LLMs are the fast food of search. The business model of LLMs incentivizes hallucinations.
LLMs are the fast food of search. The business model of LLMs incentivizes hallucinations.
Sure, it might be true that most users use LLMs as a more flexible version of Google/Wikipedia, and would prefer a confident-but-wrong response to "I don't know".
But most users that use an LLM in this mode also wouldn't ask really complex, very out-of-distribution, hard-to-know hallucination-inducing questions.
And people who would ask an LLM really complex, very out-of-distribution hard-to-know questions are more likely to appreciate an LLM that would recognize the limits of its own knowledge, and would perform research on a topic when appropriate.
You appear to be assuming, incorrectly, that LLMs hallucinate only "really complex, very out-of-distribution, hard-to-know" questions.

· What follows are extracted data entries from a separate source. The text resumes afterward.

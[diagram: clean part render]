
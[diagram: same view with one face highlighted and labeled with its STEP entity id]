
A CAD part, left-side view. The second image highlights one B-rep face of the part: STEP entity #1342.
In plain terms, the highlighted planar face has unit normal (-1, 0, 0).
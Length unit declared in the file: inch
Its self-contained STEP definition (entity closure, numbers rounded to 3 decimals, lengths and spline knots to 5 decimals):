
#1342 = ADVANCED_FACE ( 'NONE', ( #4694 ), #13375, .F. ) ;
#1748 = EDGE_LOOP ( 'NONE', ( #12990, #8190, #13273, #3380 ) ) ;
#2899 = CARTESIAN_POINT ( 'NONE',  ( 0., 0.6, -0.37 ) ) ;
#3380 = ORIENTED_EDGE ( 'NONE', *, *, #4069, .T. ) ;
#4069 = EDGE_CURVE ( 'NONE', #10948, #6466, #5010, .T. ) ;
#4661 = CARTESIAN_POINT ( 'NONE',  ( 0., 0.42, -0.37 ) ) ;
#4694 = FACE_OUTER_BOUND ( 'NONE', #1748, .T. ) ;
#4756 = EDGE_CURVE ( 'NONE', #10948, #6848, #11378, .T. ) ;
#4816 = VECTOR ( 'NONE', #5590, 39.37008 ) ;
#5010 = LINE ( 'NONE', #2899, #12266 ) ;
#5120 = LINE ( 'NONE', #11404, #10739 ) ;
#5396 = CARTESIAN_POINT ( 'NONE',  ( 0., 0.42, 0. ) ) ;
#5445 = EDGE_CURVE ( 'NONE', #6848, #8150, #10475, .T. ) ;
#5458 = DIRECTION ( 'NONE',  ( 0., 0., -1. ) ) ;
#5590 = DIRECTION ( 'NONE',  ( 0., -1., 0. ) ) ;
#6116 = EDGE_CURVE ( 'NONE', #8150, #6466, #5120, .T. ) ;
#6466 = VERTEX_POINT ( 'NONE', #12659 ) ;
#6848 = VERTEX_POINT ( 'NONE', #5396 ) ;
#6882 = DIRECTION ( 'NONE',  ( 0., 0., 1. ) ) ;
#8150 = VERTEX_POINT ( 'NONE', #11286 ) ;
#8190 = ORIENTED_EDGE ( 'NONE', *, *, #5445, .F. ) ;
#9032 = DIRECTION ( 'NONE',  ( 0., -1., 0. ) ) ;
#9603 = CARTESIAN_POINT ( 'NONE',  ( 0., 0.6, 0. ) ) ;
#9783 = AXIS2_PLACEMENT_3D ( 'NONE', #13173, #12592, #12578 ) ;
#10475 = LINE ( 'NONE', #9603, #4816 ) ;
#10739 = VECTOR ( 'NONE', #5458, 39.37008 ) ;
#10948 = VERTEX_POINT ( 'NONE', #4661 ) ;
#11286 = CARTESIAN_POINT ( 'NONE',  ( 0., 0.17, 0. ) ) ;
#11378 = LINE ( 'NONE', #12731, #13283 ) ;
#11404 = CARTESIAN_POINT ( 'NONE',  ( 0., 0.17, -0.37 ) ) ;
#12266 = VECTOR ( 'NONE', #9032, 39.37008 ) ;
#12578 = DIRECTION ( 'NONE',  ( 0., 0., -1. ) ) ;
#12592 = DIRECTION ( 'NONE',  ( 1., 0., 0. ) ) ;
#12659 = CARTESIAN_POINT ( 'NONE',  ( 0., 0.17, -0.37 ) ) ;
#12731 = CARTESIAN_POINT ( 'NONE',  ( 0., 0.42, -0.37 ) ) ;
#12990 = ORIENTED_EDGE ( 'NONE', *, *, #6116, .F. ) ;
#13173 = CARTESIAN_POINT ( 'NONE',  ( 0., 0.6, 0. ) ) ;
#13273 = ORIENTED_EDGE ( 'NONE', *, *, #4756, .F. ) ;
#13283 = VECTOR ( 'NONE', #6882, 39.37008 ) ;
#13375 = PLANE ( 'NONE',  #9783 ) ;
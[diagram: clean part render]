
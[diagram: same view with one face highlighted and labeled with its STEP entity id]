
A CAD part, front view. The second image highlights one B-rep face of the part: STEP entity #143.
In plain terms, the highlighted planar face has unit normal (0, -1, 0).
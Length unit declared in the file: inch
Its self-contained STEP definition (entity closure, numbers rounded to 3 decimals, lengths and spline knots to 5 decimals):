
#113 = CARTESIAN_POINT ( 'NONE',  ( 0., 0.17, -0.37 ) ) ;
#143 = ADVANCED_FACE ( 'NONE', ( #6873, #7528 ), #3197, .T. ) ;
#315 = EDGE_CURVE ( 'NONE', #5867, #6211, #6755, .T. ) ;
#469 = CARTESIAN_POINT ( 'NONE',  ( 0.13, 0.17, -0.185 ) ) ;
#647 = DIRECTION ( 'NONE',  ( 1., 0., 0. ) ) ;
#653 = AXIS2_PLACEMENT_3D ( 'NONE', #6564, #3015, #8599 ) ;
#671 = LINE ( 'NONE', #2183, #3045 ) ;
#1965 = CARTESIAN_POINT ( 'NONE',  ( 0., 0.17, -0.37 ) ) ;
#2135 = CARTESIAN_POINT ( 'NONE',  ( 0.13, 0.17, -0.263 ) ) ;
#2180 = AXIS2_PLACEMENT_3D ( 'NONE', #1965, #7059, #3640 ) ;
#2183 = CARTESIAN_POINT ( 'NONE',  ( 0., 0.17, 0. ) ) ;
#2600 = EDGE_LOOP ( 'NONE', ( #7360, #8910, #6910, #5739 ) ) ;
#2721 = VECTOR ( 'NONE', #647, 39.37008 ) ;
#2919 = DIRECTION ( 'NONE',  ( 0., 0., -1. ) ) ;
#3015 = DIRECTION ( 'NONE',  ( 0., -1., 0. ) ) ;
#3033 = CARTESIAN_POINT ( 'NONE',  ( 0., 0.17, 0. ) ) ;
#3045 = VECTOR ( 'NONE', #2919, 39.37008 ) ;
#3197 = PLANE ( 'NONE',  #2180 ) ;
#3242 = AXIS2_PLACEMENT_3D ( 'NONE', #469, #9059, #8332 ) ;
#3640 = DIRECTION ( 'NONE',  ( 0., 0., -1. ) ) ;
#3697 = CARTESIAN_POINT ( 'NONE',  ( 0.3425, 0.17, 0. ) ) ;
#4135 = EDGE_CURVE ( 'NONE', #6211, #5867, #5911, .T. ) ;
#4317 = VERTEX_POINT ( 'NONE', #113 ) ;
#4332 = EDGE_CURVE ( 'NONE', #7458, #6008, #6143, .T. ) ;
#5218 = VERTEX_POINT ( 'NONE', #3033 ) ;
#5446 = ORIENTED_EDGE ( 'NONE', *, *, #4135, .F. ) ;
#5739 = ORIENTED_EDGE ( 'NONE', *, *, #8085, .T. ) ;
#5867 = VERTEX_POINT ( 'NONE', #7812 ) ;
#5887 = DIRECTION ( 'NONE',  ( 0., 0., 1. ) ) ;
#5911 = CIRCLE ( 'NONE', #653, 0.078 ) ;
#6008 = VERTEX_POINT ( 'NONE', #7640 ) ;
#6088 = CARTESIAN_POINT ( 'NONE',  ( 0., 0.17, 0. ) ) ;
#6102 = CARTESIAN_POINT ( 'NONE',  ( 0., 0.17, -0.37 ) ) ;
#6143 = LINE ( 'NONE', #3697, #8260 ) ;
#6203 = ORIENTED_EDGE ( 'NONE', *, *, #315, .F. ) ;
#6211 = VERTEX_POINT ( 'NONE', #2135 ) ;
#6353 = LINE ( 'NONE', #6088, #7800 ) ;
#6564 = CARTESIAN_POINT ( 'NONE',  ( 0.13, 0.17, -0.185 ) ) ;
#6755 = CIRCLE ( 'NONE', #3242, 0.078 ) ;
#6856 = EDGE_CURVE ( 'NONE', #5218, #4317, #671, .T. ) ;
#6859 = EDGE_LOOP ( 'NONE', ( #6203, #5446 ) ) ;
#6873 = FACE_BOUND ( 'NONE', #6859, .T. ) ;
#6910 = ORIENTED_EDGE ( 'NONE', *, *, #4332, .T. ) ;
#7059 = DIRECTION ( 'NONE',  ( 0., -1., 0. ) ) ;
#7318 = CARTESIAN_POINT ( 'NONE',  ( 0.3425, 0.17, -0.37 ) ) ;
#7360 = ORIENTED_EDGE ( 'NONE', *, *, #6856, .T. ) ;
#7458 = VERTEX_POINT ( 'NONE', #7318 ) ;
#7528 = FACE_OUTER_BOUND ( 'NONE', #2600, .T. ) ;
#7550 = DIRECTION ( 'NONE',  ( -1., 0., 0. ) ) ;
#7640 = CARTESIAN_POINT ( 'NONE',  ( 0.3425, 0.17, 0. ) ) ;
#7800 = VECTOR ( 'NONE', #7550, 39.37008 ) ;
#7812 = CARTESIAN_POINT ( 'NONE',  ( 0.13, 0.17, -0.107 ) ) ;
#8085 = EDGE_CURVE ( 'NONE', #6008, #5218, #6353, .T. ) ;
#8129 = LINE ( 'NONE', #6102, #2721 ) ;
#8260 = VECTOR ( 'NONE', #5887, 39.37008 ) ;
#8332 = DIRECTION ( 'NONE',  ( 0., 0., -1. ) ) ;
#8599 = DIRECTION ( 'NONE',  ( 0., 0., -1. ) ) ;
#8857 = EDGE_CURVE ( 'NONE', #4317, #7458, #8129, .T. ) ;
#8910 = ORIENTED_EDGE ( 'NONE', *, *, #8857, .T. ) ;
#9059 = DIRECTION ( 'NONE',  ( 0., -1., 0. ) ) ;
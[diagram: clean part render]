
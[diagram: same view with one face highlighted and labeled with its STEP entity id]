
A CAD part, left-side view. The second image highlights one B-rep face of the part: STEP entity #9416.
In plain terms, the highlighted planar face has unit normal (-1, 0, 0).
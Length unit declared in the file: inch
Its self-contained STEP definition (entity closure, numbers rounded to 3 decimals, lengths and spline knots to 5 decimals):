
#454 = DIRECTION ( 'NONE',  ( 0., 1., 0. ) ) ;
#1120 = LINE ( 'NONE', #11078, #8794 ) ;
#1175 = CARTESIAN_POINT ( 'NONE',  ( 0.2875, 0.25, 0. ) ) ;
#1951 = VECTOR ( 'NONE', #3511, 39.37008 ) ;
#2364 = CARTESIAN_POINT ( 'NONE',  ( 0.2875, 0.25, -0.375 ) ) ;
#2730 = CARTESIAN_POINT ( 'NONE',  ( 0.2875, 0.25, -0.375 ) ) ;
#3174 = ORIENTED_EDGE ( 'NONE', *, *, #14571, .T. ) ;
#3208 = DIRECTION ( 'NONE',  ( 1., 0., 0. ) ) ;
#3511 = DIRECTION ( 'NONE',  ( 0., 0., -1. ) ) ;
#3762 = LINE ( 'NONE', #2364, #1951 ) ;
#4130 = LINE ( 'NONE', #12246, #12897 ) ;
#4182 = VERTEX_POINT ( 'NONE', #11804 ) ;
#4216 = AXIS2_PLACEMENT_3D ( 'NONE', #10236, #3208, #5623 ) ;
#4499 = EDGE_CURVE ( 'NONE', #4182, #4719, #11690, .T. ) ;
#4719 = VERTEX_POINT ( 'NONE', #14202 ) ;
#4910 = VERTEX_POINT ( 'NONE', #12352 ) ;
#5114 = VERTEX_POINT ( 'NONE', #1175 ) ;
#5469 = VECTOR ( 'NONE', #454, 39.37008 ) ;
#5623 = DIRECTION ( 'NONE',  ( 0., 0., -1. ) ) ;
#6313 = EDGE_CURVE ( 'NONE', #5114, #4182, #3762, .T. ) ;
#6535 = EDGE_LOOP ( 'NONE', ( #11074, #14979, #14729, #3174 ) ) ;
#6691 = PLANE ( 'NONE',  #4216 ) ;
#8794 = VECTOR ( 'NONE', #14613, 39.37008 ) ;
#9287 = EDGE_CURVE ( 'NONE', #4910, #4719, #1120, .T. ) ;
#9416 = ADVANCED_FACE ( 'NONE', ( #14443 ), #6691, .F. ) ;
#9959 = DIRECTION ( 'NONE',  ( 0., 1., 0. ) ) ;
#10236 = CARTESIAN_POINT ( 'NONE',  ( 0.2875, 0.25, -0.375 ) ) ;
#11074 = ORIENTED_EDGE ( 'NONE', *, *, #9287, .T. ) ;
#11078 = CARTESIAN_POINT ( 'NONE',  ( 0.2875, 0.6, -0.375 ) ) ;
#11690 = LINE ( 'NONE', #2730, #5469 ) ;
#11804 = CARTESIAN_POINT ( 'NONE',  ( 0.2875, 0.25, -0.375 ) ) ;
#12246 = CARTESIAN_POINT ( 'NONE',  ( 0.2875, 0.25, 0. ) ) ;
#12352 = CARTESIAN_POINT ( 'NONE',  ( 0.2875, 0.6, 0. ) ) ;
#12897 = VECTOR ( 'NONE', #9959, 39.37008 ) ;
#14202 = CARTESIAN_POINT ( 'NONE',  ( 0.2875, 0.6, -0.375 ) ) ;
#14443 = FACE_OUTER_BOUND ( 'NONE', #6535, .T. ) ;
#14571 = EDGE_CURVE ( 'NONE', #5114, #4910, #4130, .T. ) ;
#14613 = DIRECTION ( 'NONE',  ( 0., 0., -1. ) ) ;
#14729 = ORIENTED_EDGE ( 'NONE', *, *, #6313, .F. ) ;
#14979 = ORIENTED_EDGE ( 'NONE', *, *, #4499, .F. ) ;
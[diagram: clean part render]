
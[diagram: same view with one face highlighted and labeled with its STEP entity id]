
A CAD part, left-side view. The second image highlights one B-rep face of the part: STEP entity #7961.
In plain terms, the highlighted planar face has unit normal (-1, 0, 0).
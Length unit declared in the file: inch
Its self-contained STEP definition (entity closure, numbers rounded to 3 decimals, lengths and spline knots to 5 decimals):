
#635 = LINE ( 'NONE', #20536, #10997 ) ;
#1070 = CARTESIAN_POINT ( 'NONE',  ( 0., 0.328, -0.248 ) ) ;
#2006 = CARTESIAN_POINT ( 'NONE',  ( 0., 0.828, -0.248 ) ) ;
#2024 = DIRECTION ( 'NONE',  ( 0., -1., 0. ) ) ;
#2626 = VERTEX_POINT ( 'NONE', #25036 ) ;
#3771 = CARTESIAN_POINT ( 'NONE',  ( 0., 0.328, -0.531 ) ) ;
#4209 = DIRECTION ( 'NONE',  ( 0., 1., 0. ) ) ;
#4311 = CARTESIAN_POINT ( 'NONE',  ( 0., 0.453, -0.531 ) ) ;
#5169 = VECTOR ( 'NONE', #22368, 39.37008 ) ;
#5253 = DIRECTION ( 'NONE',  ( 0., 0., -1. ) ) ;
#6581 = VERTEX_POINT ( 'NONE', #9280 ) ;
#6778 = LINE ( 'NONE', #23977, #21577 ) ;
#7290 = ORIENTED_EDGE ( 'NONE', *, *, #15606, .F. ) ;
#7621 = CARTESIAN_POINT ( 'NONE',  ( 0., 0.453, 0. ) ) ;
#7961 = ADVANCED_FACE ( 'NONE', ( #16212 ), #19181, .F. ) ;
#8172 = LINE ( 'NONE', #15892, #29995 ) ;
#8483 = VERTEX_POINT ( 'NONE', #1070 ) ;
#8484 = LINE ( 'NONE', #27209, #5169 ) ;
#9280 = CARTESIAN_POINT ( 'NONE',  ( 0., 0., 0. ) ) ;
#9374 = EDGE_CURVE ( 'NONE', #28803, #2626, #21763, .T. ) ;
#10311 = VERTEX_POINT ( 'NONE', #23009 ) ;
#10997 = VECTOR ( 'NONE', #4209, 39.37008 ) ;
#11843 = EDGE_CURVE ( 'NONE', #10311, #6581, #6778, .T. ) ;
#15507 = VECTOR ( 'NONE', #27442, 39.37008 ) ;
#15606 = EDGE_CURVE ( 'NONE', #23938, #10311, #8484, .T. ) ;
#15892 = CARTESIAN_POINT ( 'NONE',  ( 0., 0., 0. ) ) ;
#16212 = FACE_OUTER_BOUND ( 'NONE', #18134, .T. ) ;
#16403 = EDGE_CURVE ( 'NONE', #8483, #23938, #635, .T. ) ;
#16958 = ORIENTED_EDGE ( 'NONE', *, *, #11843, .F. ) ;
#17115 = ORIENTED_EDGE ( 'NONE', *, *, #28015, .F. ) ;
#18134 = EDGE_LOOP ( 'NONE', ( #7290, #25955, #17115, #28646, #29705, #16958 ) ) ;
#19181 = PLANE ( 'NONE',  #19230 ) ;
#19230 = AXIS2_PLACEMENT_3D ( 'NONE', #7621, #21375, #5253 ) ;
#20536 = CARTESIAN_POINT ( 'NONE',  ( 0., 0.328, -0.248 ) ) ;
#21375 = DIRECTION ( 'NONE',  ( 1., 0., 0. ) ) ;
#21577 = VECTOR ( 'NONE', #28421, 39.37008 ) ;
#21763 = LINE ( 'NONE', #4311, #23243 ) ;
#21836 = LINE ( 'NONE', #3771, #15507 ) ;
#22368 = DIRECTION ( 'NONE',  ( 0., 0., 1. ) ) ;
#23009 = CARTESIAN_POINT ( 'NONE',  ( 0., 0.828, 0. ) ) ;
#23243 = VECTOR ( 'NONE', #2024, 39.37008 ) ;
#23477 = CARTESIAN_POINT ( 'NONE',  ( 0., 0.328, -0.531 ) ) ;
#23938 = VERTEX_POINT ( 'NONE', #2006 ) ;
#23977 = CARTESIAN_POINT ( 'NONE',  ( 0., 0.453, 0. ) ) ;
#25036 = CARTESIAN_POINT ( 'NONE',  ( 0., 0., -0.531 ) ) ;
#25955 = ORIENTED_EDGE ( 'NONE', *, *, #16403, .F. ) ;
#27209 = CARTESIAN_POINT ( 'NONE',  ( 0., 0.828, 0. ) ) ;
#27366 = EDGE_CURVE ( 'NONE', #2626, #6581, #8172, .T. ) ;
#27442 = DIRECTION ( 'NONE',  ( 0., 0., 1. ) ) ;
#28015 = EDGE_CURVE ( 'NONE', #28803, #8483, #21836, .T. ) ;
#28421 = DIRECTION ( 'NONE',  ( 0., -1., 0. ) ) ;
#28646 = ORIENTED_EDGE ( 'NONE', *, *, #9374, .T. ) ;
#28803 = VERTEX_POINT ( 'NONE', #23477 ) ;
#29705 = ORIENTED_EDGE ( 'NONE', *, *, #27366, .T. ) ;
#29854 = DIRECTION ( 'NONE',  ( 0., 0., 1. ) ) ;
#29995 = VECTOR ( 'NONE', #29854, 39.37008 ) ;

From the paper: "How many Ds are in DEEPSEEK? If you know, just say the number with no commentary. DeepSeek-V3 returned “2” or “3” in ten independent trials; Meta AI and Claude 3.7 Sonnet2 performed similarly, including answers as large as “6” and “7”." https://cdn.openai.com/pdf/d04913be-3f6f-4d2b-b283-ff432ef4a...
It's a human characteristic to get "easy" questions right and "hard" questions wrong. But LLMs are not human and don't behave like humans.
Those LLMs weren't very aware of tokenizer limitations - let alone aware enough to recognize them or work around them in the wild.
No, it's not. It's a trivial question in any context.
> for the early LLMs.
Early? Claude 3.7 was introduced just 6 months ago, and Deepseek-V3 9 months ago. How is that "early"?
Please respect the HN guidelines: https://news.ycombinator.com/newsguidelines.html
What you need to explain is your claim that the cited LLMs are "early". According to the footnotes, the paper has been in the works since at least May 2025. Thus, those LLMs may have been the latest at the time, which was not that long ago.
In any case, given your guidelines violations, I won't be continuing in this thread.
LLM are also really great at this skill when there is ample data for it. There is not a lot of data for "how many D in DEEPSEEK", so they fail that.